These boats were originally sold with an end sheeting arrangement. It was a bit of a pain if you had a small kicker installed the main sheet would get caught on it when tacking or jibing. I converted mine to a double block center sheeting arrangement and haven't looked back since.. 

Regards

Peter


----------



## Railsailor

Anybody been sailing their Mistral 16s lately?


----------



## Boz

Of course we sail Mistrals. I, for one, am trying to get at least one outing per week, depending on the weather. 

Cheers!


----------



## Railsailor

Hi Boz

I was only wondering as I have not seen any posts for a while. I am planning to do some camping/sailing on Lake Champlain labor day weekend and maybe into Monday and Tuesday. Lots of shore/ island camping opportunities. I will post pics of the trip. Its the perfect dinghy for the job.


----------



## gilod

Hi,

Did you try to take a picture of the pdf spec. for mistral 16?

gilod


----------



## Railsailor

Yes I have the pdf specs. I'm not entirely sure where give me a couple of days to find them and respond to you.


----------



## Loui

any chance you could email these out??


----------



## Arcb

Loui said:


> any chance you could email these out??


Not sure what specs you are looking for, but the Mistral 16 is more or less a Wayfarer clone. The overnighter version is more or less a Wayfarer hull with a cabin on it.
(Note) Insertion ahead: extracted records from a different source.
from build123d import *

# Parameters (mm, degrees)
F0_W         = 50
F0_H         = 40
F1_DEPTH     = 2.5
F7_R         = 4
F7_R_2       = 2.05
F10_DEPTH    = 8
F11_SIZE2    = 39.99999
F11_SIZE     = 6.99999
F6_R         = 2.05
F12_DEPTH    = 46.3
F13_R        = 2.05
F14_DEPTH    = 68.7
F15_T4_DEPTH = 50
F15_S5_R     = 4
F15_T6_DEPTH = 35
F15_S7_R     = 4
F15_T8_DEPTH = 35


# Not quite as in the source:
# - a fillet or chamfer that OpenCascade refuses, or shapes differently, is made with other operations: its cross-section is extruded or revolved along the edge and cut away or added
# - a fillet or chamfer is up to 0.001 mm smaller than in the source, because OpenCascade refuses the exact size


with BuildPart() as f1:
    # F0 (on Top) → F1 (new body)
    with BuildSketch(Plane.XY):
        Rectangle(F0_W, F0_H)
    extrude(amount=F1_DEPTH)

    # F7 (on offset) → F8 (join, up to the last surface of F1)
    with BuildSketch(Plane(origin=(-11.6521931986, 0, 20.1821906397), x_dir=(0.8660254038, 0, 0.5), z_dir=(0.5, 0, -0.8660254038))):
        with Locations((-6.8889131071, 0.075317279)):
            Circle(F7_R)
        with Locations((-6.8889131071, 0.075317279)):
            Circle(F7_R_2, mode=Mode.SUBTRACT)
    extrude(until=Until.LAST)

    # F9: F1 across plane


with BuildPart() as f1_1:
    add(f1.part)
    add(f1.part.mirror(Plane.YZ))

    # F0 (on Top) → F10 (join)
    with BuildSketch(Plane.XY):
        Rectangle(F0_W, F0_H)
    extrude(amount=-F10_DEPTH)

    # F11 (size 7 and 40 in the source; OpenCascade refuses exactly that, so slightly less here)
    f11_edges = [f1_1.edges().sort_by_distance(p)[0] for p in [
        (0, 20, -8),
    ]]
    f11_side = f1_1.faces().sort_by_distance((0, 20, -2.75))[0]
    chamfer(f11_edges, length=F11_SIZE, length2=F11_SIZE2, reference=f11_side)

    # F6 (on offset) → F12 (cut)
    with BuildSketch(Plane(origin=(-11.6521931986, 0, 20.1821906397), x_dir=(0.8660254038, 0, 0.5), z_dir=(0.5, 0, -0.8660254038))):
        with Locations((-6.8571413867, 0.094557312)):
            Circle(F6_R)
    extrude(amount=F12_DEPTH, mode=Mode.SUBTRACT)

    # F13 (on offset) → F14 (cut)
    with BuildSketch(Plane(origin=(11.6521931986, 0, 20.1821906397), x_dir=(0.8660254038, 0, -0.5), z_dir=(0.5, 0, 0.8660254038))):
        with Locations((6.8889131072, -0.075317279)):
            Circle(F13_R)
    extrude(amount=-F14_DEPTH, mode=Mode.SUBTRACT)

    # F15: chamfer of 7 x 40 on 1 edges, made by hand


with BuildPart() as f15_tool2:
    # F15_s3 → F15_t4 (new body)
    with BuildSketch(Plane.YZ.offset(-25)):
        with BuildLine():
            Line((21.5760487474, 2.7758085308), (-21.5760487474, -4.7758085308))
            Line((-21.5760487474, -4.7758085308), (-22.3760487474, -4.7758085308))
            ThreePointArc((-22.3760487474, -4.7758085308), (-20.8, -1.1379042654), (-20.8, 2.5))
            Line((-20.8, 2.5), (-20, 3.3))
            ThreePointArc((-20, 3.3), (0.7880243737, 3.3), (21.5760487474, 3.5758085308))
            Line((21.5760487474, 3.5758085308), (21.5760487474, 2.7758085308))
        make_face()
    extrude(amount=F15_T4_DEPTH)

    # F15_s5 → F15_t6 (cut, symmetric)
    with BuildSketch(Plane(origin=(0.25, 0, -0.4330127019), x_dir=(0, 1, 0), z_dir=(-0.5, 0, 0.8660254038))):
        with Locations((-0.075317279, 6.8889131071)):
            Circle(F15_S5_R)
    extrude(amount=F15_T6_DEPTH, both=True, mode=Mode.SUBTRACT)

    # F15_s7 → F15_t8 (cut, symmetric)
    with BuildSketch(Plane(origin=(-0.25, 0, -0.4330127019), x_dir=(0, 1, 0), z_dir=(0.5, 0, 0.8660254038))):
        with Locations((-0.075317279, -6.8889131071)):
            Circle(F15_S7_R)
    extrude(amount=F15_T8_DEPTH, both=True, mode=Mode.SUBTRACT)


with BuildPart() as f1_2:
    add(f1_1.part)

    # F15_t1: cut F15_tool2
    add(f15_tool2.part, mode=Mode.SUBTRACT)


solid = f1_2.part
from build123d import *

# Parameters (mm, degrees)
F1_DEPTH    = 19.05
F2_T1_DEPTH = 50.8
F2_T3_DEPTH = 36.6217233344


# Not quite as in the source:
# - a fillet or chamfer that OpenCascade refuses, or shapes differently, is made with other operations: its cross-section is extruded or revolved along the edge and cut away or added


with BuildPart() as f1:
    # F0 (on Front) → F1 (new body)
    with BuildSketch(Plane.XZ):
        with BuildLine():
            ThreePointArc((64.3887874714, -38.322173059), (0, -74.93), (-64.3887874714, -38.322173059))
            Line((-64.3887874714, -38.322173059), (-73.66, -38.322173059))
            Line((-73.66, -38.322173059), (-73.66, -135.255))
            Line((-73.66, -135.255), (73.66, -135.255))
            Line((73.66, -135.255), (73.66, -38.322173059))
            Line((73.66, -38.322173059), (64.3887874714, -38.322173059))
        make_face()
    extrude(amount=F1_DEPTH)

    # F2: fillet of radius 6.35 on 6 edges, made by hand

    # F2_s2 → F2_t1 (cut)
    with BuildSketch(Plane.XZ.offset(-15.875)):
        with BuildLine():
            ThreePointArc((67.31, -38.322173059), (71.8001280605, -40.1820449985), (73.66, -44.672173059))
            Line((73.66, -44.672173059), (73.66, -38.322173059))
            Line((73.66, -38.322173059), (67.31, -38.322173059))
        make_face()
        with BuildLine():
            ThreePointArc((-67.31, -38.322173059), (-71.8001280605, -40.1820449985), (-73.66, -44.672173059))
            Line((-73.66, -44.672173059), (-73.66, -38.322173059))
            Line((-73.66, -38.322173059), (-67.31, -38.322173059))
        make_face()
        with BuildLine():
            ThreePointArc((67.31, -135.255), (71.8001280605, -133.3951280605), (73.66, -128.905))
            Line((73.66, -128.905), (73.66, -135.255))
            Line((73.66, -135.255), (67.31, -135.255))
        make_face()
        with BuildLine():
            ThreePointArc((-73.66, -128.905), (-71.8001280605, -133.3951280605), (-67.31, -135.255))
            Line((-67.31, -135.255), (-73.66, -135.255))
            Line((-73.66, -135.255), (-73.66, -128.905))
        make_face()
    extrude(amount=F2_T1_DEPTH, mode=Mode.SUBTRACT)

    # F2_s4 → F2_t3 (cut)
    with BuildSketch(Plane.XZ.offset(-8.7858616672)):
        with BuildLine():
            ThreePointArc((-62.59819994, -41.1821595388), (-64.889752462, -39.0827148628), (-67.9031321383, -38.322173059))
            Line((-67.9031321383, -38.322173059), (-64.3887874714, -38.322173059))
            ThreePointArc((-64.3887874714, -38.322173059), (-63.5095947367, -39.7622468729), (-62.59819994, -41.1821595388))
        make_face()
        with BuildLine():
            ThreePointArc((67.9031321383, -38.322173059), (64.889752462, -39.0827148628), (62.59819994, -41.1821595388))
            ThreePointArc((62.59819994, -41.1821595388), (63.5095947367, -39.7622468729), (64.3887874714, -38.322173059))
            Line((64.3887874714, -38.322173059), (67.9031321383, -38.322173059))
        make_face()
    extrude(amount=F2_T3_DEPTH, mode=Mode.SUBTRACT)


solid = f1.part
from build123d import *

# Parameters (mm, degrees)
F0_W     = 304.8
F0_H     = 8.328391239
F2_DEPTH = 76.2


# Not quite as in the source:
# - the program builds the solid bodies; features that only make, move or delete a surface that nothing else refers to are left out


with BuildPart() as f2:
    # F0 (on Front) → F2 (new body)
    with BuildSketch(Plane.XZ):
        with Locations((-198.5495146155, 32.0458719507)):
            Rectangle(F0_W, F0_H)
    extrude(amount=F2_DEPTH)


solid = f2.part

There is lots of info online about Wayfarers, much of it should be close to Mistral 16 specs.


----------



## Loui

thanks!


----------



## Loui

looking for everything from rigging to specs to line!


----------



## jeff.scanlon71

Boz said:


> I also have specs as pdf but system wont let me upload them.
> AS for rigging, someone mentioned website with Wayfarer rigging which is pretty much identical. If you need more, there are some photos that previous owner of my boat sent me about how he used to rig it - still, nothing different from Wayfarer.
> 
> Cheers,
> Bo


Bob, I bought a mistral 16 without the cabin. any chance you still have that pdf? looking for info on how to rig the spinnaker. 

Thanks,


----------